## Instructions to follow
For the listing below, return the line containing "#17506 = VECTOR ( 'NONE', #44726, 1000. ) ;", the line containing "#41021 = VECTOR ( 'NONE', #10134, 1000. ) ;", and all lines in between, exactly as written and nothing else.

## Material for the task
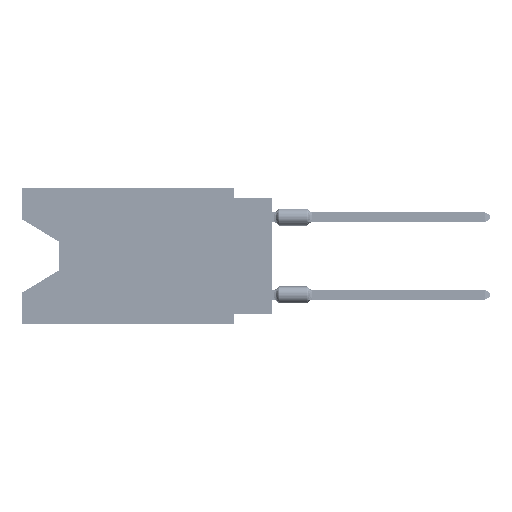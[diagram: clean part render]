
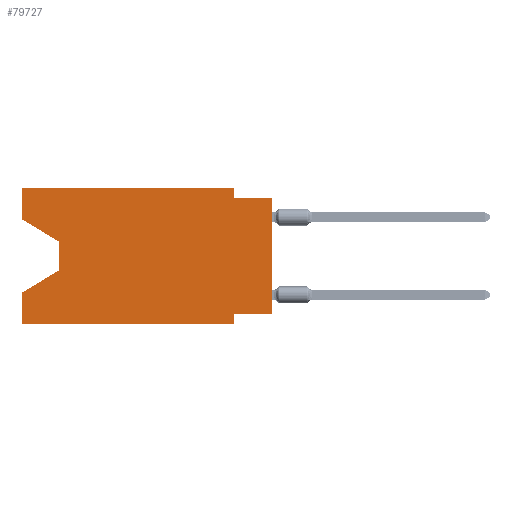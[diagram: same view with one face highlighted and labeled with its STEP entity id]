
A CAD part, left-side view. The second image highlights one B-rep face of the part: STEP entity #79727.
In plain terms, the highlighted planar face has unit normal (-1, 0, 0).
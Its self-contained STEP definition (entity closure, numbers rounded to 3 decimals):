
#108 = CARTESIAN_POINT ( 'NONE',  ( 0., 16.383, 0. ) ) ;
#249 = ORIENTED_EDGE ( 'NONE', *, *, #15101, .F. ) ;
#298 = VECTOR ( 'NONE', #79830, 1000. ) ;
#1259 = DIRECTION ( 'NONE',  ( 0., 1., 0. ) ) ;
#4175 = CARTESIAN_POINT ( 'NONE',  ( 0., 0., -8.255 ) ) ;
#4798 = ORIENTED_EDGE ( 'NONE', *, *, #63141, .T. ) ;
#4825 = ORIENTED_EDGE ( 'NONE', *, *, #19735, .F. ) ;
#5321 = CARTESIAN_POINT ( 'NONE',  ( 0., 16.383, 0. ) ) ;
#6586 = EDGE_CURVE ( 'NONE', #67910, #52068, #25347, .T. ) ;
#7345 = VECTOR ( 'NONE', #46239, 1000. ) ;
#7808 = CARTESIAN_POINT ( 'NONE',  ( 0., 0., -8.255 ) ) ;
#9472 = DIRECTION ( 'NONE',  ( 0., 0., -1. ) ) ;
#9654 = ORIENTED_EDGE ( 'NONE', *, *, #15927, .T. ) ;
#10134 = DIRECTION ( 'NONE',  ( 0., -0.855, -0.519 ) ) ;
#12068 = LINE ( 'NONE', #7808, #44645 ) ;
#13036 = LINE ( 'NONE', #41523, #17506 ) ;
#13352 = LINE ( 'NONE', #69446, #59420 ) ;
#14641 = DIRECTION ( 'NONE',  ( 0., -1., 0. ) ) ;
#15101 = EDGE_CURVE ( 'NONE', #91064, #67578, #91271, .T. ) ;
#15362 = PLANE ( 'NONE',  #30376 ) ;
#15902 = CARTESIAN_POINT ( 'NONE',  ( 0., 13.97, -5.385 ) ) ;
#15927 = EDGE_CURVE ( 'NONE', #92056, #54354, #13036, .T. ) ;
#17506 = VECTOR ( 'NONE', #44726, 1000. ) ;
#19735 = EDGE_CURVE ( 'NONE', #92056, #69959, #13352, .T. ) ;
#20125 = VERTEX_POINT ( 'NONE', #83791 ) ;
#21929 = DIRECTION ( 'NONE',  ( 0., 0., -1. ) ) ;
#21944 = CARTESIAN_POINT ( 'NONE',  ( 0., 0., -0.635 ) ) ;
#23050 = EDGE_CURVE ( 'NONE', #20125, #49603, #53700, .T. ) ;
#24814 = ORIENTED_EDGE ( 'NONE', *, *, #75574, .F. ) ;
#25347 = LINE ( 'NONE', #60903, #53340 ) ;
#27279 = ORIENTED_EDGE ( 'NONE', *, *, #30829, .T. ) ;
#29825 = CARTESIAN_POINT ( 'NONE',  ( 0., 16.383, 0. ) ) ;
#30376 = AXIS2_PLACEMENT_3D ( 'NONE', #29825, #35927, #21929 ) ;
#30829 = EDGE_CURVE ( 'NONE', #32828, #67910, #59646, .T. ) ;
#32828 = VERTEX_POINT ( 'NONE', #69091 ) ;
#33820 = DIRECTION ( 'NONE',  ( 0., 0., 1. ) ) ;
#33910 = VECTOR ( 'NONE', #9472, 1000. ) ;
#34442 = VERTEX_POINT ( 'NONE', #4175 ) ;
#35927 = DIRECTION ( 'NONE',  ( 1., 0., 0. ) ) ;
#38016 = CARTESIAN_POINT ( 'NONE',  ( 0., 2.54, -8.89 ) ) ;
#38779 = ORIENTED_EDGE ( 'NONE', *, *, #23050, .F. ) ;
#41021 = VECTOR ( 'NONE', #10134, 1000. ) ;
#41523 = CARTESIAN_POINT ( 'NONE',  ( 0., 16.383, -8.89 ) ) ;
#44141 = CARTESIAN_POINT ( 'NONE',  ( 0., 2.54, 0. ) ) ;
#44566 = ORIENTED_EDGE ( 'NONE', *, *, #78531, .T. ) ;
#44645 = VECTOR ( 'NONE', #1259, 1000. ) ;
#44726 = DIRECTION ( 'NONE',  ( 0., -1., 0. ) ) ;
#44945 = ORIENTED_EDGE ( 'NONE', *, *, #69249, .F. ) ;
#46239 = DIRECTION ( 'NONE',  ( 0., -1., 0. ) ) ;
#49603 = VERTEX_POINT ( 'NONE', #21944 ) ;
#51107 = LINE ( 'NONE', #38016, #85639 ) ;
#52068 = VERTEX_POINT ( 'NONE', #80179 ) ;
#52626 = CARTESIAN_POINT ( 'NONE',  ( 0., 16.383, -2.038 ) ) ;
#52954 = DIRECTION ( 'NONE',  ( 0., 0., -1. ) ) ;
#53340 = VECTOR ( 'NONE', #52954, 1000. ) ;
#53689 = EDGE_CURVE ( 'NONE', #78339, #54354, #51107, .T. ) ;
#53700 = LINE ( 'NONE', #75207, #7345 ) ;
#54354 = VERTEX_POINT ( 'NONE', #70908 ) ;
#54707 = ORIENTED_EDGE ( 'NONE', *, *, #61540, .F. ) ;
#55312 = LINE ( 'NONE', #5321, #91182 ) ;
#58090 = CARTESIAN_POINT ( 'NONE',  ( 0., 2.54, 0. ) ) ;
#58323 = EDGE_LOOP ( 'NONE', ( #27279, #59102, #4798, #4825, #9654, #83316, #54707, #44566, #38779, #44945, #249, #24814 ) ) ;
#59102 = ORIENTED_EDGE ( 'NONE', *, *, #6586, .T. ) ;
#59420 = VECTOR ( 'NONE', #70815, 1000. ) ;
#59646 = LINE ( 'NONE', #52626, #41021 ) ;
#60903 = CARTESIAN_POINT ( 'NONE',  ( 0., 13.97, -3.505 ) ) ;
#61540 = EDGE_CURVE ( 'NONE', #34442, #78339, #12068, .T. ) ;
#63141 = EDGE_CURVE ( 'NONE', #52068, #69959, #79907, .T. ) ;
#64881 = CARTESIAN_POINT ( 'NONE',  ( 0., 0., 0. ) ) ;
#65803 = LINE ( 'NONE', #64881, #298 ) ;
#67578 = VERTEX_POINT ( 'NONE', #44141 ) ;
#67619 = VECTOR ( 'NONE', #73362, 1000. ) ;
#67910 = VERTEX_POINT ( 'NONE', #79538 ) ;
#69091 = CARTESIAN_POINT ( 'NONE',  ( 0., 16.383, -2.038 ) ) ;
#69249 = EDGE_CURVE ( 'NONE', #67578, #20125, #80492, .T. ) ;
#69446 = CARTESIAN_POINT ( 'NONE',  ( 0., 16.383, 0. ) ) ;
#69959 = VERTEX_POINT ( 'NONE', #84040 ) ;
#70815 = DIRECTION ( 'NONE',  ( 0., 0., 1. ) ) ;
#70908 = CARTESIAN_POINT ( 'NONE',  ( 0., 2.54, -8.89 ) ) ;
#71904 = CARTESIAN_POINT ( 'NONE',  ( 0., 16.383, 0. ) ) ;
#72721 = CARTESIAN_POINT ( 'NONE',  ( 0., 2.54, -8.255 ) ) ;
#73301 = FACE_OUTER_BOUND ( 'NONE', #58323, .T. ) ;
#73362 = DIRECTION ( 'NONE',  ( 0., 0.855, -0.519 ) ) ;
#75207 = CARTESIAN_POINT ( 'NONE',  ( 0., 0., -0.635 ) ) ;
#75574 = EDGE_CURVE ( 'NONE', #32828, #91064, #55312, .T. ) ;
#78339 = VERTEX_POINT ( 'NONE', #72721 ) ;
#78531 = EDGE_CURVE ( 'NONE', #34442, #49603, #65803, .T. ) ;
#79538 = CARTESIAN_POINT ( 'NONE',  ( 0., 13.97, -3.505 ) ) ;
#79727 = ADVANCED_FACE ( 'NONE', ( #73301 ), #15362, .F. ) ;
#79830 = DIRECTION ( 'NONE',  ( 0., 0., 1. ) ) ;
#79907 = LINE ( 'NONE', #15902, #67619 ) ;
#80179 = CARTESIAN_POINT ( 'NONE',  ( 0., 13.97, -5.385 ) ) ;
#80492 = LINE ( 'NONE', #58090, #33910 ) ;
#80544 = DIRECTION ( 'NONE',  ( 0., 0., -1. ) ) ;
#83040 = VECTOR ( 'NONE', #14641, 1000. ) ;
#83316 = ORIENTED_EDGE ( 'NONE', *, *, #53689, .F. ) ;
#83791 = CARTESIAN_POINT ( 'NONE',  ( 0., 2.54, -0.635 ) ) ;
#84040 = CARTESIAN_POINT ( 'NONE',  ( 0., 16.383, -6.852 ) ) ;
#85118 = CARTESIAN_POINT ( 'NONE',  ( 0., 16.383, -8.89 ) ) ;
#85639 = VECTOR ( 'NONE', #80544, 1000. ) ;
#91064 = VERTEX_POINT ( 'NONE', #71904 ) ;
#91182 = VECTOR ( 'NONE', #33820, 1000. ) ;
#91271 = LINE ( 'NONE', #108, #83040 ) ;
#92056 = VERTEX_POINT ( 'NONE', #85118 ) ;

## Written solution
#17506 = VECTOR ( 'NONE', #44726, 1000. ) ;
#19735 = EDGE_CURVE ( 'NONE', #92056, #69959, #13352, .T. ) ;
#20125 = VERTEX_POINT ( 'NONE', #83791 ) ;
#21929 = DIRECTION ( 'NONE',  ( 0., 0., -1. ) ) ;
#21944 = CARTESIAN_POINT ( 'NONE',  ( 0., 0., -0.635 ) ) ;
#23050 = EDGE_CURVE ( 'NONE', #20125, #49603, #53700, .T. ) ;
#24814 = ORIENTED_EDGE ( 'NONE', *, *, #75574, .F. ) ;
#25347 = LINE ( 'NONE', #60903, #53340 ) ;
#27279 = ORIENTED_EDGE ( 'NONE', *, *, #30829, .T. ) ;
#29825 = CARTESIAN_POINT ( 'NONE',  ( 0., 16.383, 0. ) ) ;
#30376 = AXIS2_PLACEMENT_3D ( 'NONE', #29825, #35927, #21929 ) ;
#30829 = EDGE_CURVE ( 'NONE', #32828, #67910, #59646, .T. ) ;
#32828 = VERTEX_POINT ( 'NONE', #69091 ) ;
#33820 = DIRECTION ( 'NONE',  ( 0., 0., 1. ) ) ;
#33910 = VECTOR ( 'NONE', #9472, 1000. ) ;
#34442 = VERTEX_POINT ( 'NONE', #4175 ) ;
#35927 = DIRECTION ( 'NONE',  ( 1., 0., 0. ) ) ;
#38016 = CARTESIAN_POINT ( 'NONE',  ( 0., 2.54, -8.89 ) ) ;
#38779 = ORIENTED_EDGE ( 'NONE', *, *, #23050, .F. ) ;
#41021 = VECTOR ( 'NONE', #10134, 1000. ) ;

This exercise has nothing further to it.